Source material section start
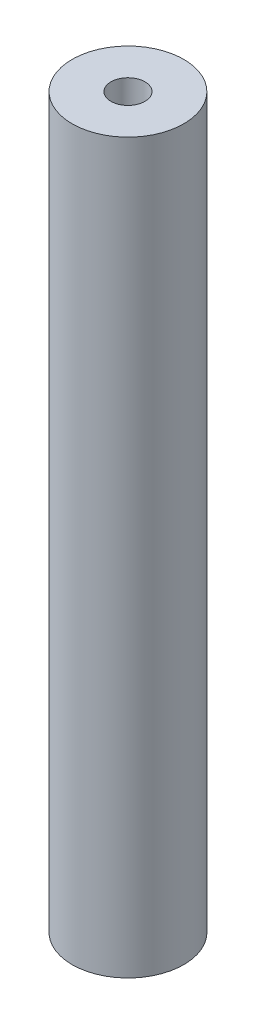
SolidWorks part; units mm, degrees
material "PVC Rígido"
ref_plane "Plano frontal" through (0, 0, 0) normal (0, 0, 1) x (1, 0, 0)
ref_plane "Plano superior" through (0, 0, 0) normal (0, 1, 0) x (1, 0, 0)
ref_plane "Plano direito" through (0, 0, 0) normal (1, 0, 0) x (0, 0, -1)
sketch "Esboço1" plane through (0, 0, 0) normal (0, 1, 0) x (1, 0, 0)
  line L0 (0, 0) -> (-14.05, 0) construction
  line L1 (-14.1591, 1.997) -> (-2.2091, 2.65)
  line L2 (-2.2091, -2.65) -> (-14.1591, -1.997)
  arc A0 (-2.2091, -2.65) -> (-2.2091, 2.65) centre (0, 0) ccw
  arc A1 (-14.1591, 1.997) -> (-14.1591, -1.997) centre (-14.05, 0) ccw
  dimension "D1" = 6.9
  dimension "D2" = 4
  dimension "D3" = 19.5
  dimension "D4" = 5.3
extrude "Ressalto-extrusão1" add sketch "Esboço1" against normal blind 1.4
sketch "Esboço2" plane through (0, -1.4, 0) normal (0, -1, 0) x (1, 0, 0)
  arc A0 (-2.2091, -2.65) -> (-2.2091, 2.65) centre (0, 0) ccw construction
  circle A1 centre (0, 0) radius 3.45
extrude "Ressalto-extrusão2" add sketch "Esboço2" along normal offset from surface (2.4 mm away) 3.8 up to face at (-7.242, 0, 0)
hole_wizard "Furo4" positions "Esboço9" profile "Esboço10" legacy end condition through all
sketch "Esboço9" plane through (0, 0, 0) normal (0, 1, 0) x (1, 0, 0)
  line L1 (-14.45, 0) -> (0, 0) construction
  arc A2 (-14.1591, 1.997) -> (-14.1591, -1.997) centre (-14.05, 0) ccw construction
  point P0 (-14.45, 0)
  point P19 (-16.05, 0)
  dimension "D1" = 1.6
sketch "Esboço10" plane through (-14.45, 0, 0) normal (1, 0, 0) x (0, 0, 1)
  line L0 (0, 0) -> (0, 3.8)
  line L1 (0, 3.8) -> (0.6, 3.8)
  line L2 (0.6, 3.8) -> (0.6, 0)
  line L3 (0.6, 0) -> (0, 0)
  line L4 (0, 110) -> (0, -10) construction
  dimension "Diameter" = 1.2
  dimension "Depth" = 3.8
pattern_linear "Padrão linear1" count 6 spacing 2 along (1, 0, 0) of "Furo4"
hole_wizard "Furo1" positions "Esboço3" profile "Esboço4" legacy
sketch "Esboço3" plane through (0, -3.8, 0) normal (0, -1, 0) x (-1, 0, 0)
  point P0 (0, 0)
sketch "Esboço4" plane through (0, -3.8, 0) normal (1, 0, 0) x (0, 0, -1)
  line L0 (0, 0) -> (0, 2)
  line L1 (0, 2) -> (2.475, 2)
  line L2 (2.475, 2) -> (2.475, 0)
  line L3 (2.475, 0) -> (0, 0)
  line L4 (0, 110) -> (0, -10) construction
  dimension "Diameter" = 4.95
  dimension "Depth" = 2
hole_wizard "Furo2" positions "Esboço5" profile "Esboço6" legacy
sketch "Esboço5" plane through (0, 0, 0) normal (0, 1, 0) x (1, 0, 0)
  point P0 (0, 0)
sketch "Esboço6" plane through (0, 0, 0) normal (1, 0, 0) x (0, 0, 1)
  line L0 (0, 0) -> (0, 1)
  line L1 (0, 1) -> (2.3, 1)
  line L2 (2.3, 1) -> (2.3, 0)
  line L3 (2.3, 0) -> (0, 0)
  line L4 (0, 110) -> (0, -10) construction
  dimension "Diameter" = 4.6
  dimension "Depth" = 1
hole_wizard "Furo3" positions "Esboço7" profile "Esboço8" legacy end condition through all
sketch "Esboço7" plane through (0, 0, 0) normal (0, 1, 0) x (1, 0, 0)
  point P0 (0, 0)
sketch "Esboço8" plane through (0, 0, 0) normal (1, 0, 0) x (0, 0, 1)
  line L0 (0, 0) -> (0, 3.8)
  line L1 (0, 3.8) -> (1.05, 3.8)
  line L2 (1.05, 3.8) -> (1.05, 0)
  line L3 (1.05, 0) -> (0, 0)
  line L4 (0, 110) -> (0, -10) construction
  dimension "Diameter" = 2.1
  dimension "Depth" = 3.8
sketch "Esboço11" plane through (0, -3.8, 0) normal (0, -1, 0) x (1, 0, 0)
  line L0 (-0.0981, 2.4731) -> (0, 2.375)
  line L1 (0, 2.375) -> (0.0981, 2.4731)
  line L2 (0, 0) -> (0, 2.475) construction
  circle A0 centre (0, 0) radius 2.375 construction
  circle A1 centre (0, 0) radius 2.475
  arc A2 (0.0981, 2.4731) -> (-0.0981, 2.4731) centre (0, 0) ccw
  dimension "D3" = 4.75
  dimension "D2" = 0.1
  dimension "D1" = 0
extrude "Ressalto-extrusão3" add sketch "Esboço11" against normal up to surface (2 mm away) up to face at (0, -1.8, 1.05)
pattern_circular "PadrãoCircular1" count 60 over 360 about axis through (0, -1.4, 0) along (0, 1, 0) of "Ressalto-extrusão3"
sketch "Sketch1" plane through (0, -3.8, 0) normal (0, -1, 0) x (1, 0, 0)
  line L0 (0, 3.45) -> (-16.05, 3.45)
  line L5 (-16.05, 3.45) -> (-16.05, -3.45)
  line L6 (-16.05, -3.45) -> (0, -3.45)
  line L7 (0, 3.45) -> (0, -3.45) construction
  arc A2 (-14.1591, 1.997) -> (-14.1591, -1.997) centre (-14.05, 0) ccw construction
  arc A3 (0, 3.45) -> (0, -3.45) centre (0, 0) ccw
  circle A4 centre (0, 0) radius 3.45 construction
  point P2 (0, 0)
  point P7 (0, 0)
extrude "Cut-Extrude3" cut sketch "Sketch1" against normal through all
sketch "Sketch3" plane through (0, -1, 0) normal (0, 1, 0) x (1, 0, 0)
  circle A0 centre (0, 0) radius 3.45
  circle A1 centre (0, 0) radius 1.05
  dimension "D1" = 6.9
  dimension "D2" = 2.1
extrude "Boss-Extrude1" add sketch "Sketch3" along normal blind 42.2
Source material section end
Problem to solve — A line belongs in the answer if it contains the word "profile"; copy every such line from the data above.

Answer area —
hole_wizard "Furo4" positions "Esboço9" profile "Esboço10" legacy end condition through all
hole_wizard "Furo1" positions "Esboço3" profile "Esboço4" legacy
hole_wizard "Furo2" positions "Esboço5" profile "Esboço6" legacy
hole_wizard "Furo3" positions "Esboço7" profile "Esboço8" legacy end condition through all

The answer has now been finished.